- **Task to complete**: Find each line below where the word "rotation" occurs, and copy it.

- **Extracted entries**:
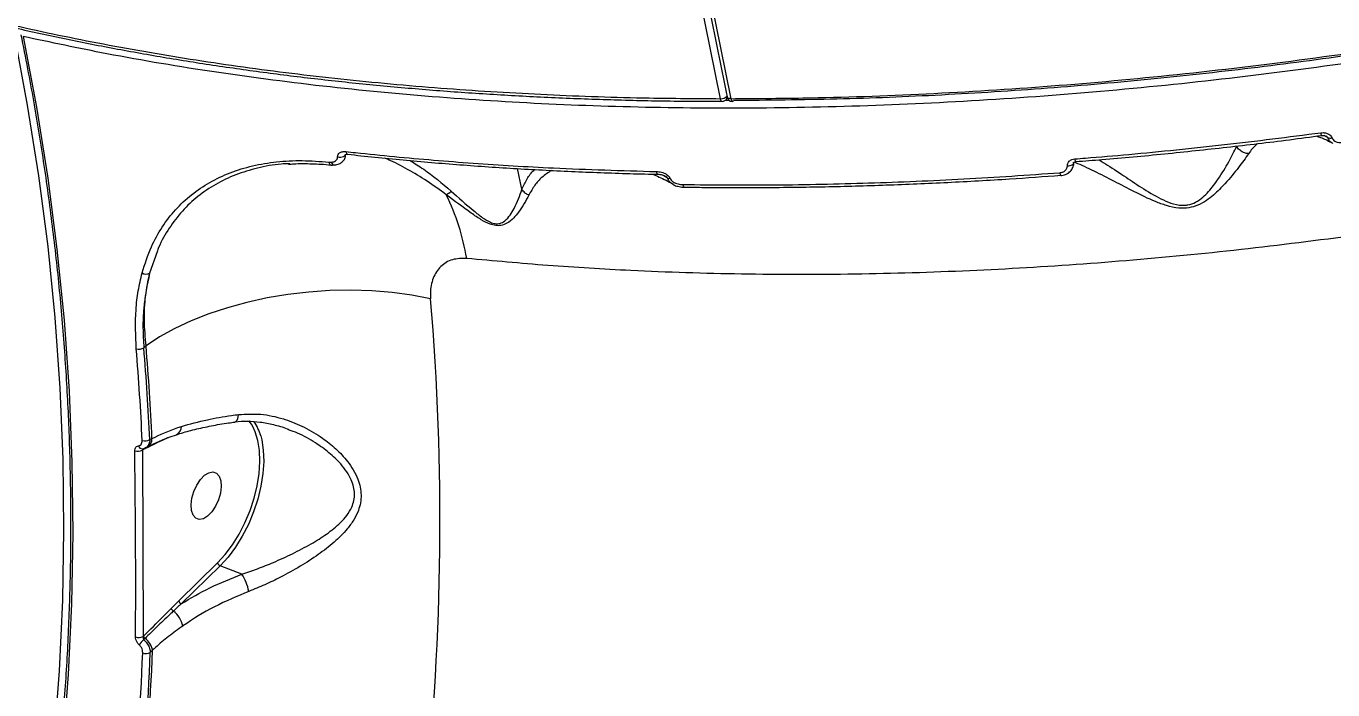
# Model space of a CAD drawing. Header units: millimetres. Extents: x -7720 to 6073, y -7402 to 5433.
# Drawn here: x 1062 to 1297.6, y -1125.2 to -1005.5 of the extents above; entities that cross this region are included whole.
import ezdxf

# ---------------------------------------------------------------- set-up
doc = ezdxf.new("R2010")
doc.units = ezdxf.units.MM
for name, color, linetype in [('DIKOM_ОБЪЕКТ', 7, 'Continuous'), ('DIKOM_РАЗМЕР_ЗОНА', 7, 'Continuous'), ('DIKOM_РАЗМЕР_ОБЪЕКТА', 7, 'Continuous')]:
    doc.layers.add(name, color=color, linetype=linetype)
doc.styles.add('style1', font='arial.ttf', dxfattribs={"width": 0.8})
doc.dimstyles.new('1-50', dxfattribs={"dimtxt": 300, "dimasz": 200, "dimexe": 100, "dimexo": 0, "dimgap": 100, "dimtad": 1, "dimtxsty": 'style1', "dimcen": 200, "dimclrd": 7, "dimclre": 7, "dimclrt": 7, "dimadec": 1, "dimazin": 2, "dimtfac": 1, "dimtmove": 0, "dimatfit": 2, "dimfxl": 0, "dimlwd": 25, "dimlwe": 18, "dimarcsym": 0})

# ---------------------------------------------------------------- blocks, each defined once
blk = doc.blocks.new('*D0')
at = {"layer": 'Defpoints', "color": 0, "transparency": 16777216}
for p in [(-1165.04, 3934.07), (-6387.82, -4153.36), (1392.52, -4153.36)]:
    blk.add_point(p, dxfattribs=at)
at = {"layer": 'DIKOM_РАЗМЕР_ОБЪЕКТА', "color": 7, "lineweight": 18, "transparency": 16777216}
for p, q in [((-1165.04, 3934.07), (-6487.82, 3934.07)), ((1392.52, -4153.36), (-6487.82, -4153.36))]:
    blk.add_line(p, q, dxfattribs=at)
at = {"layer": 'DIKOM_РАЗМЕР_ОБЪЕКТА', "color": 7, "lineweight": 25, "transparency": 16777216}
blk.add_line((-6387.82, 3734.07), (-6387.82, -3953.36), dxfattribs=at)
at = {"layer": 'DIKOM_РАЗМЕР_ОБЪЕКТА', "color": 7, "transparency": 16777216}
for points in [[(-6421.16, 3734.07), (-6354.49, 3734.07), (-6387.82, 3934.07)], [(-6421.16, -3953.36), (-6354.49, -3953.36), (-6387.82, -4153.36)]]:
    blk.add_solid(points, dxfattribs=at)
at = {"layer": 'DIKOM_РАЗМЕР_ОБЪЕКТА', "color": 7, "transparency": 16777216, "insert": (-6640.99, -109.65), "char_height": 300, "attachment_point": 5, "rotation": 90, "style": 'style1'}
blk.add_mtext('8100', dxfattribs=at)
blk = doc.blocks.new('*D1')
at = {"layer": 'Defpoints', "color": 0, "transparency": 16777216}
for p in [(-3938.71, 77.29), (4572.68, -275.21), (4572.68, -6577.9)]:
    blk.add_point(p, dxfattribs=at)
at = {"layer": 'DIKOM_РАЗМЕР_ОБЪЕКТА', "color": 7, "lineweight": 18, "transparency": 16777216}
for p, q in [((-3938.71, 77.29), (-3938.71, -6677.9)), ((4572.68, -275.21), (4572.68, -6677.9))]:
    blk.add_line(p, q, dxfattribs=at)
at = {"layer": 'DIKOM_РАЗМЕР_ОБЪЕКТА', "color": 7, "lineweight": 25, "transparency": 16777216}
blk.add_line((-3738.71, -6577.9), (4372.68, -6577.9), dxfattribs=at)
at = {"layer": 'DIKOM_РАЗМЕР_ОБЪЕКТА', "color": 7, "transparency": 16777216}
for points in [[(-3738.71, -6544.56), (-3738.71, -6611.23), (-3938.71, -6577.9)], [(4372.68, -6544.56), (4372.68, -6611.23), (4572.68, -6577.9)]]:
    blk.add_solid(points, dxfattribs=at)
at = {"layer": 'DIKOM_РАЗМЕР_ОБЪЕКТА', "color": 7, "transparency": 16777216, "insert": (316.98, -6324.72), "char_height": 300, "attachment_point": 5, "style": 'style1'}
blk.add_mtext('8500', dxfattribs=at)
blk = doc.blocks.new('*D2')
at = {"layer": 'Defpoints', "color": 0, "transparency": 16777216}
for p in [(-2365.16, 5433.02), (-7269.56, -6016.09), (1800.96, -6016.09)]:
    blk.add_point(p, dxfattribs=at)
at = {"layer": 'DIKOM_РАЗМЕР_ЗОНА', "color": 7, "lineweight": 18, "transparency": 16777216}
for p, q in [((-2365.16, 5433.02), (-7369.56, 5433.02)), ((1800.96, -6016.09), (-7369.56, -6016.09))]:
    blk.add_line(p, q, dxfattribs=at)
at = {"layer": 'DIKOM_РАЗМЕР_ЗОНА', "color": 7, "lineweight": 25, "transparency": 16777216}
blk.add_line((-7269.56, 5233.02), (-7269.56, -5816.09), dxfattribs=at)
at = {"layer": 'DIKOM_РАЗМЕР_ЗОНА', "color": 7, "transparency": 16777216}
for points in [[(-7302.9, 5233.02), (-7236.23, 5233.02), (-7269.56, 5433.02)], [(-7302.9, -5816.09), (-7236.23, -5816.09), (-7269.56, -6016.09)]]:
    blk.add_solid(points, dxfattribs=at)
at = {"layer": 'DIKOM_РАЗМЕР_ЗОНА', "color": 7, "transparency": 16777216, "insert": (-7522.73, -291.53), "char_height": 300, "attachment_point": 5, "rotation": 90, "style": 'style1'}
blk.add_mtext('11500', dxfattribs=at)
blk = doc.blocks.new('*D3')
at = {"layer": 'Defpoints', "color": 0, "transparency": 16777216}
for p in [(-5938.71, -432.44), (6072.68, -1006.94), (6072.68, -7302.44)]:
    blk.add_point(p, dxfattribs=at)
at = {"layer": 'DIKOM_РАЗМЕР_ЗОНА', "color": 7, "lineweight": 18, "transparency": 16777216}
for p, q in [((-5938.71, -432.44), (-5938.71, -7402.44)), ((6072.68, -1006.94), (6072.68, -7402.44))]:
    blk.add_line(p, q, dxfattribs=at)
at = {"layer": 'DIKOM_РАЗМЕР_ЗОНА', "color": 7, "lineweight": 25, "transparency": 16777216}
blk.add_line((-5738.71, -7302.44), (5872.68, -7302.44), dxfattribs=at)
at = {"layer": 'DIKOM_РАЗМЕР_ЗОНА', "color": 7, "transparency": 16777216}
for points in [[(-5738.71, -7269.1), (-5738.71, -7335.77), (-5938.71, -7302.44)], [(5872.68, -7269.1), (5872.68, -7335.77), (6072.68, -7302.44)]]:
    blk.add_solid(points, dxfattribs=at)
at = {"layer": 'DIKOM_РАЗМЕР_ЗОНА', "color": 7, "transparency": 16777216, "insert": (66.98, -7049.26), "char_height": 300, "attachment_point": 5, "style": 'style1'}
blk.add_mtext('12000', dxfattribs=at)

msp = doc.modelspace()

# ---------------------------------------------------------------- linework, layer by layer
at = {"layer": 'DIKOM_ОБЪЕКТ', "color": 7, "linetype": 'Continuous', "lineweight": 15}
for p, q in [((1188.09, -1018.81), (1188.751, -1018.807)), ((1188.357, -1018.528), (1188.434, -1018.393)), ((1116.573, -1030.002), (1117.007, -1030.01)), ((1116.934, -1030.499), (1116.968, -1030.5)), ((1151.363, -1034.89), (1150.593, -1031.142)), ((1251.318, -1029.907), (1251.324, -1029.905)), ((1180.712, -1034.525), (1180.742, -1034.522)), ((1248.616, -1032.392), (1248.63, -1032.389)), ((1085.613, -1046.141), (1084.241, -1050.021)), ((1083.599, -1063.146), (1083.203, -1063.463)), ((1083.485, -1081.524), (1083.806, -1081.363)), ((1084.268, -1080.032), (1084.671, -1079.829)), ((1083.157, -1081.81), (1082.937, -1081.921)), ((1082.937, -1081.921), (1083.073, -1115.521)), ((1089.484, -1109.1), (1096.504, -1102.24)), ((1096.966, -1102.771), (1089.946, -1109.631)), ((1100.896, -1104.286), (1096.966, -1102.771)), ((1088.137, -1110.454), (1089.484, -1109.1)), ((1083.073, -1115.521), (1083.148, -1115.447)), ((1083.419, -1115.864), (1083.181, -1116.097)), ((1084.774, -1118.023), (1084.37, -1118.411))]:
    msp.add_line(p, q, dxfattribs=at)
at = {"layer": 'DIKOM_ОБЪЕКТ', "color": 7, "linetype": 'Continuous', "lineweight": 15, "flags": 128}
for points in [[(1187.192, -1018.548), (1183.543, -1000.399)], [(1185.427, -1000.399), (1189.076, -1018.548)], [(1031.81, -1268.368), (1036.825, -1256.718), (1041.484, -1244.938), (1045.786, -1233.035), (1049.725, -1221.017), (1053.301, -1208.893), (1056.51, -1196.669), (1059.351, -1184.354), (1061.822, -1171.956), (1063.921, -1159.483), (1065.646, -1146.943), (1066.997, -1134.345), (1067.973, -1121.696), (1068.573, -1109.006), (1068.797, -1096.282), (1068.644, -1083.533), (1068.114, -1070.766), (1067.209, -1057.991), (1065.928, -1045.216), (1064.273, -1032.449), (1062.244, -1019.698), (1059.843, -1006.973)], [(1061.411, -1007.327), (1063.82, -1020.091), (1065.855, -1032.88), (1067.515, -1045.685), (1068.8, -1058.499), (1069.708, -1071.313), (1070.239, -1084.118), (1070.392, -1096.905), (1070.168, -1109.668), (1069.566, -1122.397), (1068.588, -1135.083), (1067.232, -1147.719), (1065.502, -1160.297), (1063.397, -1172.808), (1060.918, -1185.243), (1058.069, -1197.595), (1054.85, -1209.856), (1051.263, -1222.017), (1047.311, -1234.071), (1042.997, -1246.01), (1038.324, -1257.825), (1033.293, -1269.51)], [(1187.493, -1019.033), (1187.47, -1019.032), (1187.404, -1019.004), (1187.34, -1018.938), (1187.282, -1018.837), (1187.232, -1018.705), (1187.192, -1018.548)], [(1188.423, -1018.363), (1188.367, -1018.51), (1188.357, -1018.528)], [(1189.076, -1018.548), (1188.898, -1018.538), (1188.738, -1018.509), (1188.602, -1018.462), (1188.496, -1018.398), (1188.423, -1018.32), (1188.388, -1018.234)], [(1189.076, -1018.548), (1189.116, -1018.705), (1189.166, -1018.837), (1189.223, -1018.938), (1189.286, -1019.004), (1189.352, -1019.032), (1189.369, -1019.034)], [(1118.153, -1029.018), (1118.421, -1029.066), (1118.704, -1029.07), (1118.981, -1029.029), (1119.229, -1028.948), (1119.428, -1028.832), (1119.561, -1028.69), (1119.594, -1028.628)], [(1119.635, -1028.09), (1119.678, -1028.249), (1119.737, -1028.382), (1119.81, -1028.485), (1119.894, -1028.553), (1119.987, -1028.584), (1120.003, -1028.585)], [(1251.088, -1029.419), (1251.125, -1029.576), (1251.167, -1029.708), (1251.211, -1029.809), (1251.257, -1029.876), (1251.301, -1029.905), (1251.318, -1029.907)], [(1116.573, -1030.002), (1116.614, -1030.153), (1116.669, -1030.281), (1116.737, -1030.383), (1116.816, -1030.454), (1116.903, -1030.493), (1116.934, -1030.499)], [(1175.616, -1031.685), (1175.656, -1031.843), (1175.708, -1031.975), (1175.769, -1032.077), (1175.837, -1032.143), (1175.909, -1032.172), (1175.93, -1032.174)], [(1248.384, -1031.904), (1248.42, -1032.055), (1248.46, -1032.182), (1248.502, -1032.282), (1248.546, -1032.351), (1248.59, -1032.387), (1248.616, -1032.392)], [(1249.758, -1030.644), (1250, -1030.642), (1250.237, -1030.611), (1250.455, -1030.552), (1250.641, -1030.468), (1250.784, -1030.364), (1250.876, -1030.247), (1250.91, -1030.124), (1250.911, -1030.107)], [(1180.411, -1034.035), (1180.449, -1034.186), (1180.497, -1034.314), (1180.553, -1034.414), (1180.615, -1034.483), (1180.681, -1034.519), (1180.712, -1034.525)], [(1134.92, -1054.621), (1131.514, -1053.969), (1127.961, -1053.494), (1124.294, -1053.201), (1120.544, -1053.091), (1116.747, -1053.167), (1112.938, -1053.427), (1109.15, -1053.869), (1105.419, -1054.488), (1101.778, -1055.281), (1098.261, -1056.238), (1094.9, -1057.351), (1091.725, -1058.611), (1088.766, -1060.005), (1086.049, -1061.522), (1083.599, -1063.146)], [(1099.614, -1076.846), (1099.684, -1076.827), (1099.858, -1076.716), (1100.01, -1076.518), (1100.135, -1076.243), (1100.229, -1075.899), (1100.288, -1075.499)], [(1102.833, -1077.673), (1102.59, -1077.266), (1102.121, -1076.626)], [(1096.504, -1102.24), (1097.878, -1100.743), (1099.176, -1099.013), (1100.371, -1097.09), (1101.436, -1095.014), (1102.347, -1092.831), (1103.085, -1090.59), (1103.634, -1088.338), (1103.981, -1086.127), (1104.119, -1084.003), (1104.045, -1082.013), (1103.761, -1080.201), (1103.272, -1078.607), (1102.833, -1077.673)], [(1104.275, -1079.361), (1104.45, -1080.044), (1104.744, -1081.912), (1104.82, -1083.964), (1104.677, -1086.154), (1104.319, -1088.435), (1103.753, -1090.757), (1102.992, -1093.069), (1102.052, -1095.319), (1100.954, -1097.46), (1099.722, -1099.444), (1098.383, -1101.227), (1096.966, -1102.771)], [(1091.712, -1091.792), (1091.854, -1090.611), (1092.205, -1089.393), (1092.737, -1088.235), (1093.406, -1087.231), (1094.159, -1086.463), (1094.933, -1085.994), (1095.668, -1085.86), (1096.302, -1086.072), (1096.785, -1086.615), (1097.078, -1087.443), (1097.156, -1088.489), (1097.014, -1089.67), (1096.663, -1090.888), (1096.131, -1092.046), (1095.462, -1093.05), (1094.709, -1093.817), (1093.934, -1094.287), (1093.2, -1094.421), (1092.566, -1094.208), (1092.083, -1093.666), (1091.79, -1092.838), (1091.712, -1091.792)]]:
    msp.add_lwpolyline(points, dxfattribs=at)
at = {"layer": 'DIKOM_ОБЪЕКТ', "color": 7, "linetype": 'Continuous', "lineweight": 15}
for centre, radius, start, end in [((1187.286, -1017.031), 1.519, 266.48297, 318.72848), ((1187.488, -1018.034), 1, 269.925, 330.35073), ((1189.367, -1018.034), 1, 191.59181, 270.07489), ((1189.334, -1018.813), 0.223, 278.85888, 339.63264), ((1296.243, -1024.69), 0.789, 180.49866, 219.19401), ((1297.111, -1024.514), 1.141, 249.61919, 288.81935), ((1117.62, -1029.888), 0.625, 191.21063, 264.15661), ((1177.951, -1031.987), 0.937, 249.16201, 279.59784), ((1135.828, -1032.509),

- **Response area**:
at = {"layer": 'DIKOM_РАЗМЕР_ОБЪЕКТА', "color": 7, "transparency": 16777216, "insert": (-6640.99, -109.65), "char_height": 300, "attachment_point": 5, "rotation": 90, "style": 'style1'}
at = {"layer": 'DIKOM_РАЗМЕР_ЗОНА', "color": 7, "transparency": 16777216, "insert": (-7522.73, -291.53), "char_height": 300, "attachment_point": 5, "rotation": 90, "style": 'style1'}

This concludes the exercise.